If anyone has solved the problem, please comment.

Vladimir-125 commented 6 months ago

I seem to find the reason! It is because no GPU was found and the number of workers was set to 0 here. Check if your container or host sees GPU by running nvidia-smi. In my case, the container was not connecting to CUDA resulting in the error. I have restarted the container and the problem was resolved.

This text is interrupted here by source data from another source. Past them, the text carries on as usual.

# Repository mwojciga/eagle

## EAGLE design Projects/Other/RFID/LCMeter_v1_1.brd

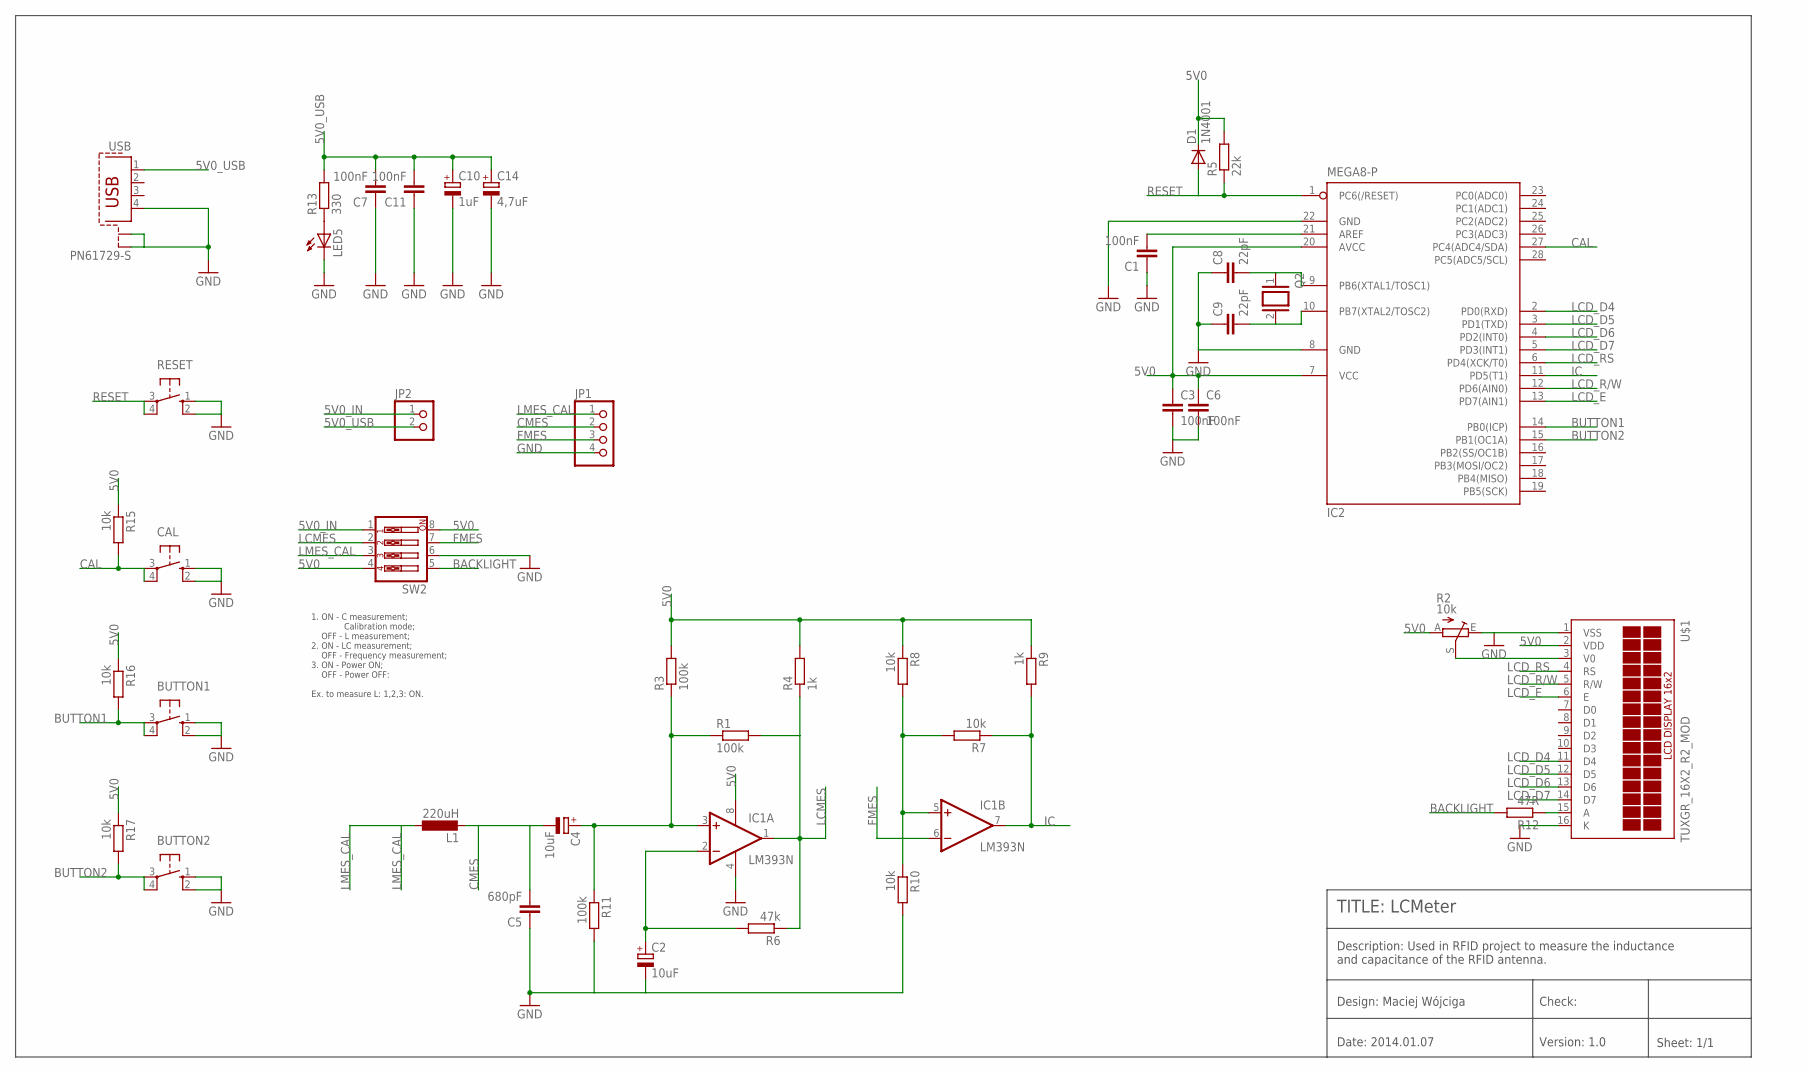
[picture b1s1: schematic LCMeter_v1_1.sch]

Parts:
BUTTON1, BUTTON2: 10-XX; B3F-10XX
C1, C3, C6, C7, C11: 100nF; C025-025X050
C2, C4: 10uF; E2,5-6E
C5: 680pF; C025-025X050
C8, C9: 22pF; C025-025X050
C10: 1uF; E2,5-5
C14: 4,7uF; E2,5-5
CAL: 10-XX; B3F-10XX
D1: 1N4001; DO41-10
IC1: LM393N; DIL08
IC2: MEGA8-P; DIL28-3
JP1: PINHD-1X4; 1X04
JP2: PINHD-1X2/90; 1X02/90
L1: 220uH; 6000-XXXX-RC
LED5: LED3MM
Q2: XTAL/S; QS
R1, R3, R11: 100k; 0207/10
R2: 10k; RJ9W
R4, R9: 1k; 0207/10
R5: 22k; 0207/10
R6: 47k; 0207/10
R7, R8, R10, R15, R16, R17: 10k; 0207/10
R12: 47R; 0207/10
R13: 330; 0207/10
RESET: 10-XX; B3F-10XX
SW2: SW_DIP-4; EDG-04
U$1: TUXGR_16X2_R2_MOD
USB: PN61729-S

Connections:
5V0: C3.1, C6.1, D1.C, IC1.8 (V+), IC2.7 (VCC), IC2.20 (AVCC), R2.A, R3.2, R4.2, R5.2, R8.1, R9.1, R15.1, R16.1, R17.1, SW2.4, SW2.8, U$1.2 (VDD)
5V0_IN: JP2.1, SW2.1
5V0_USB: C7.2, C10.+, C11.2, C14.+, JP2.2, R13.2, USB.1
BACKLIGHT: R12.2, SW2.5
BUTTON1: BUTTON1.3, BUTTON1.4 (P1), IC2.14 (PB0(ICP)), R16.2
BUTTON2: BUTTON2.3, BUTTON2.4 (P1), IC2.15 (PB1(OC1A)), R17.2
CAL: CAL.3, CAL.4 (P1), IC2.27 (PC4(ADC4/SDA)), R15.2
CMES: C4.-, C5.2, JP1.2, L1.2
FMES: IC1.6 (-IN), JP1.3, SW2.7
GND: BUTTON1.1 (S), BUTTON1.2 (S1), BUTTON2.1 (S), BUTTON2.2 (S1), C1.1, C2.-, C3.2, C5.1, C6.2, C7.1, C8.1, C9.1, C10.-, C11.1, C14.-, CAL.1 (S), CAL.2 (S1), IC1.4 (V-), IC2.8 (GND), IC2.22 (GND), JP1.4, LED5.K (C), R2.E, R10.2, R11.2, RESET.1 (S), RESET.2 (S1), SW2.6, U$1.1 (VSS), U$1.16 (K), USB.4, USB.S1, USB.S2
IC: IC1.7 (OUT), IC2.11 (PD5(T1)), R7.1, R9.2
LCD_D4: IC2.2 (PD0(RXD)), U$1.11 (D4)
LCD_D5: IC2.3 (PD1(TXD)), U$1.12 (D5)
LCD_D6: IC2.4 (PD2(INT0)), U$1.13 (D6)
LCD_D7: IC2.5 (PD3(INT1)), U$1.14 (D7)
LCD_E: IC2.13 (PD7(AIN1)), U$1.6 (E)
LCD_R/W: IC2.12 (PD6(AIN0)), U$1.5 (R/W)
LCD_RS: IC2.6 (PD4(XCK/T0)), U$1.4 (RS)
LCMES: IC1.1 (OUT), R1.2, R4.1, R6.1, SW2.2
LMES_CAL: JP1.1, L1.1, SW2.3
unnamed: C1.2, IC2.21 (AREF)
unnamed: C2.+, IC1.2 (-IN), R6.2
unnamed: R2.S, U$1.3 (V0)
unnamed: C4.+, IC1.3 (+IN), R1.1, R3.1, R11.1
unnamed: LED5.A, R13.1
unnamed: IC1.5 (+IN), R7.2, R8.2, R10.1
unnamed: R12.1, U$1.15 (A)
unnamed: C8.2, IC2.9 (PB6(XTAL1/TOSC1)), Q2.1
unnamed: C9.2, IC2.10 (PB7(XTAL2/TOSC2)), Q2.2
RESET: D1.A, IC2.1 (PC6(/RESET)), R5.1, RESET.3, RESET.4 (P1)

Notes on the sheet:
TITLE: LCMeter
Design: Maciej Wójciga
Check:
Date: 2014.01.07
Version: 1.0
Sheet: 1/1
Description: Used in RFID project to measure the inductance and capacitance of the RFID antenna.
1. ON - C measurement; Calibration mode; OFF - L measurement; 2. ON - LC measurement; OFF - Frequency measurement; 3. ON - Power ON; OFF - Power OFF: Ex. to measure L: 1,2,3: ON.

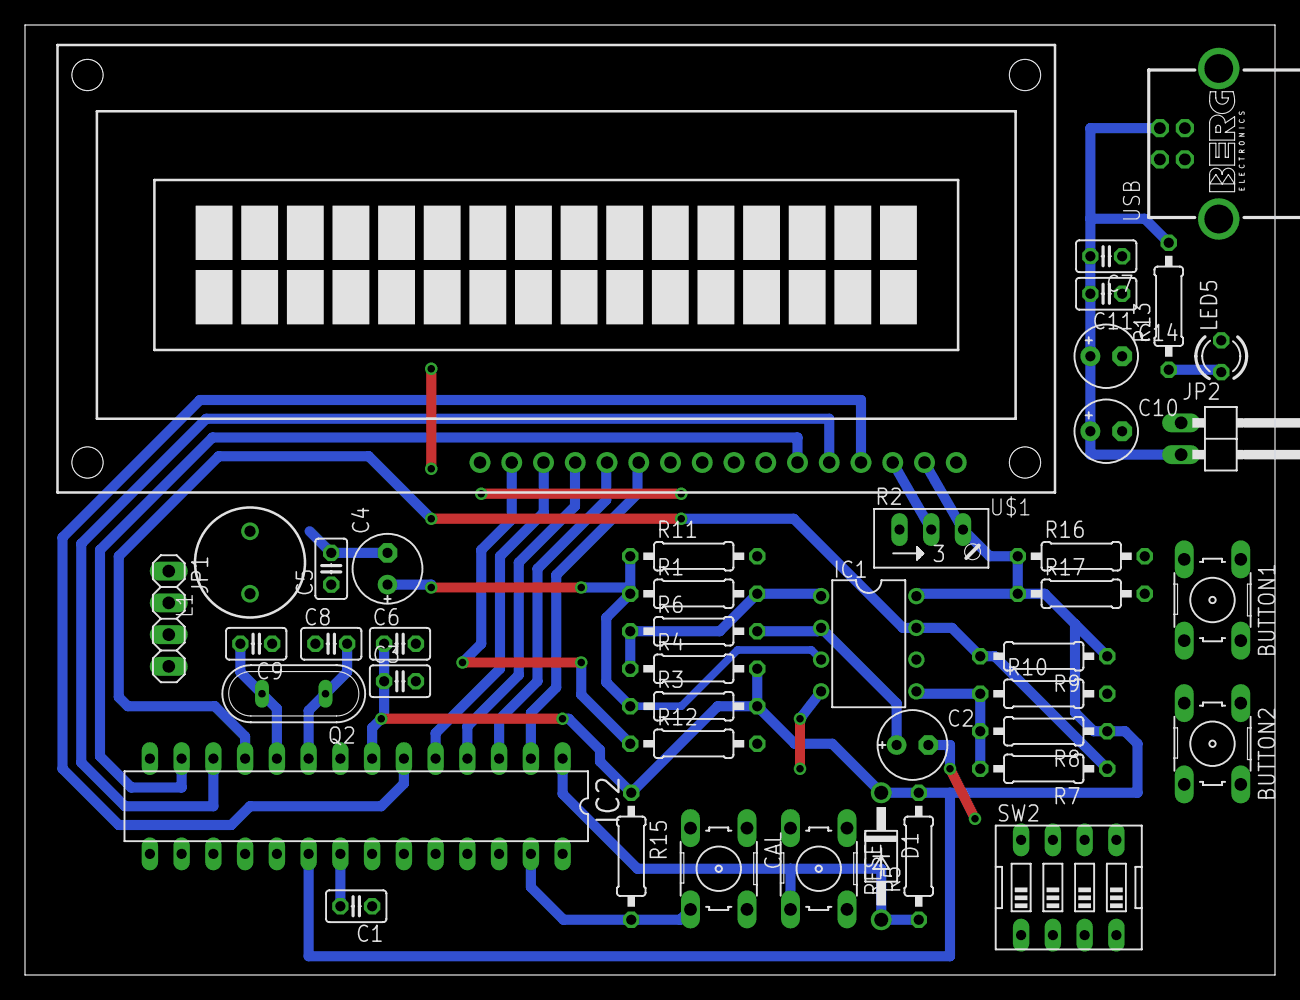
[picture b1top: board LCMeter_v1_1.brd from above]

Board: 2 copper layers, 100.0 x 76.0 mm, 43 parts (0 on the bottom side), 30 nets.

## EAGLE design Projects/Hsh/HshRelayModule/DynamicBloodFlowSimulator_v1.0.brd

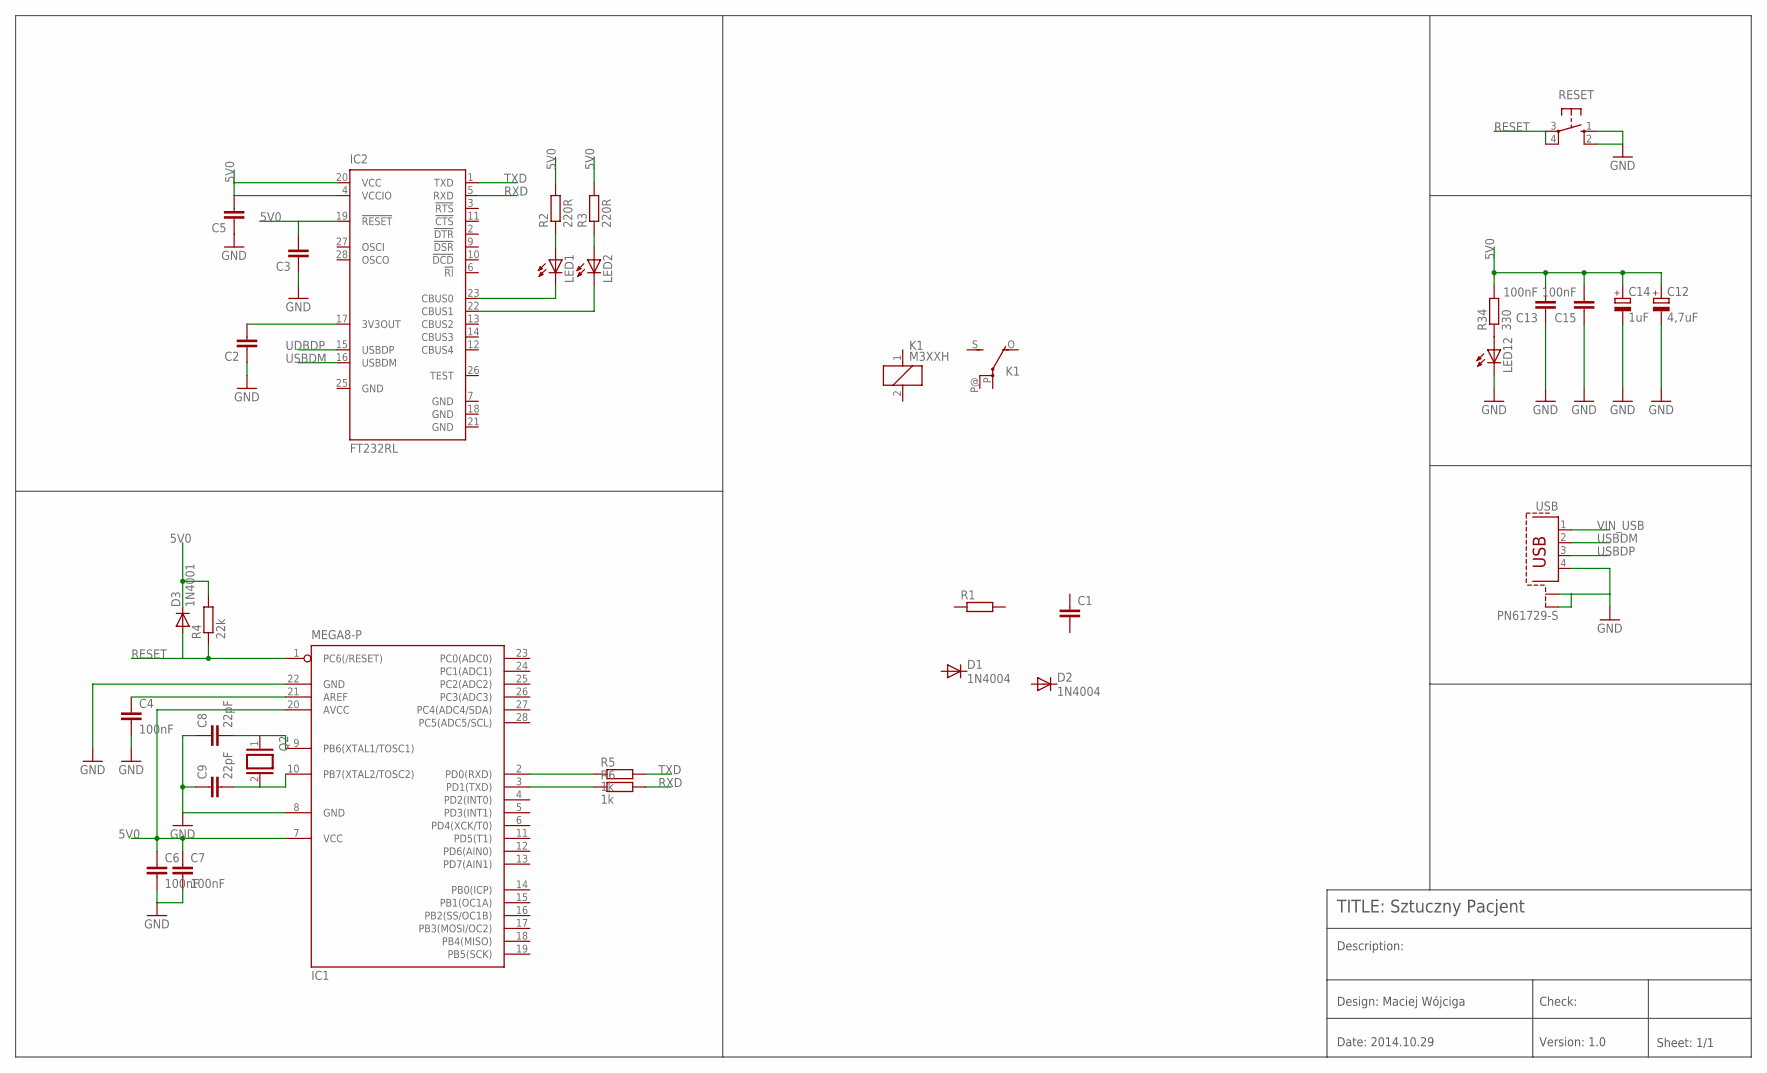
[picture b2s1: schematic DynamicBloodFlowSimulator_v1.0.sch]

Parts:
C1, C2, C3, C5: C-EU025-025X050; C025-025X050
C4: 100nF; C0805
C6, C7, C13, C15: 100nF; C025-025X050
C8, C9: 22pF; C025-025X050
C12: 4,7uF; E2,5-5
C14: 1uF; E2,5-5
D1, D2: 1N4004; DO41-10
D3: 1N4001; DO41-10
IC1: MEGA8-P; DIL28-3
IC2: FT232RL; SSOP28
K1: M3XXH
LED1, LED2, LED12: LED3MM
Q2: XTAL/S; QS
R1: R-EU_0207/10; 0207/10
R2, R3: 220R; 0207/10
R4: 22k; 0207/10
R5, R6: 1k; 0207/10
R34: 330; 0207/10
RESET: 10-XX; B3F-10XX
USB: PN61729-S

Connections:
5V0: C3.2, C5.2, C6.1, C7.1, C12.+, C13.2, C14.+, C15.2, D3.C, IC1.7 (VCC), IC1.20 (AVCC), IC2.4 (VCCIO), IC2.19 (!RESET), IC2.20 (VCC), R2.2, R3.2, R4.2, R34.2
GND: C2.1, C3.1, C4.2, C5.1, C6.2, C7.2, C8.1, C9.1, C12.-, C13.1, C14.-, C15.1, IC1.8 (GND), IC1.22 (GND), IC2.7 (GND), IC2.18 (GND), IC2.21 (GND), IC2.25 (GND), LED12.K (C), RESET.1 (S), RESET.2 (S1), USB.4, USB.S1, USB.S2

vladimir1257 commented 6 months ago

GitHub blocked my original account for some reason, so I am reposting it here. Hope it helps!

I seem to find the reason! It is because no GPU was found and the number of workers was set to 0 here. Check if your container or host sees GPU by running nvidia-smi. In my case, the container was not connecting to CUDA resulting in the error. I have restarted the container and the problem was resolved.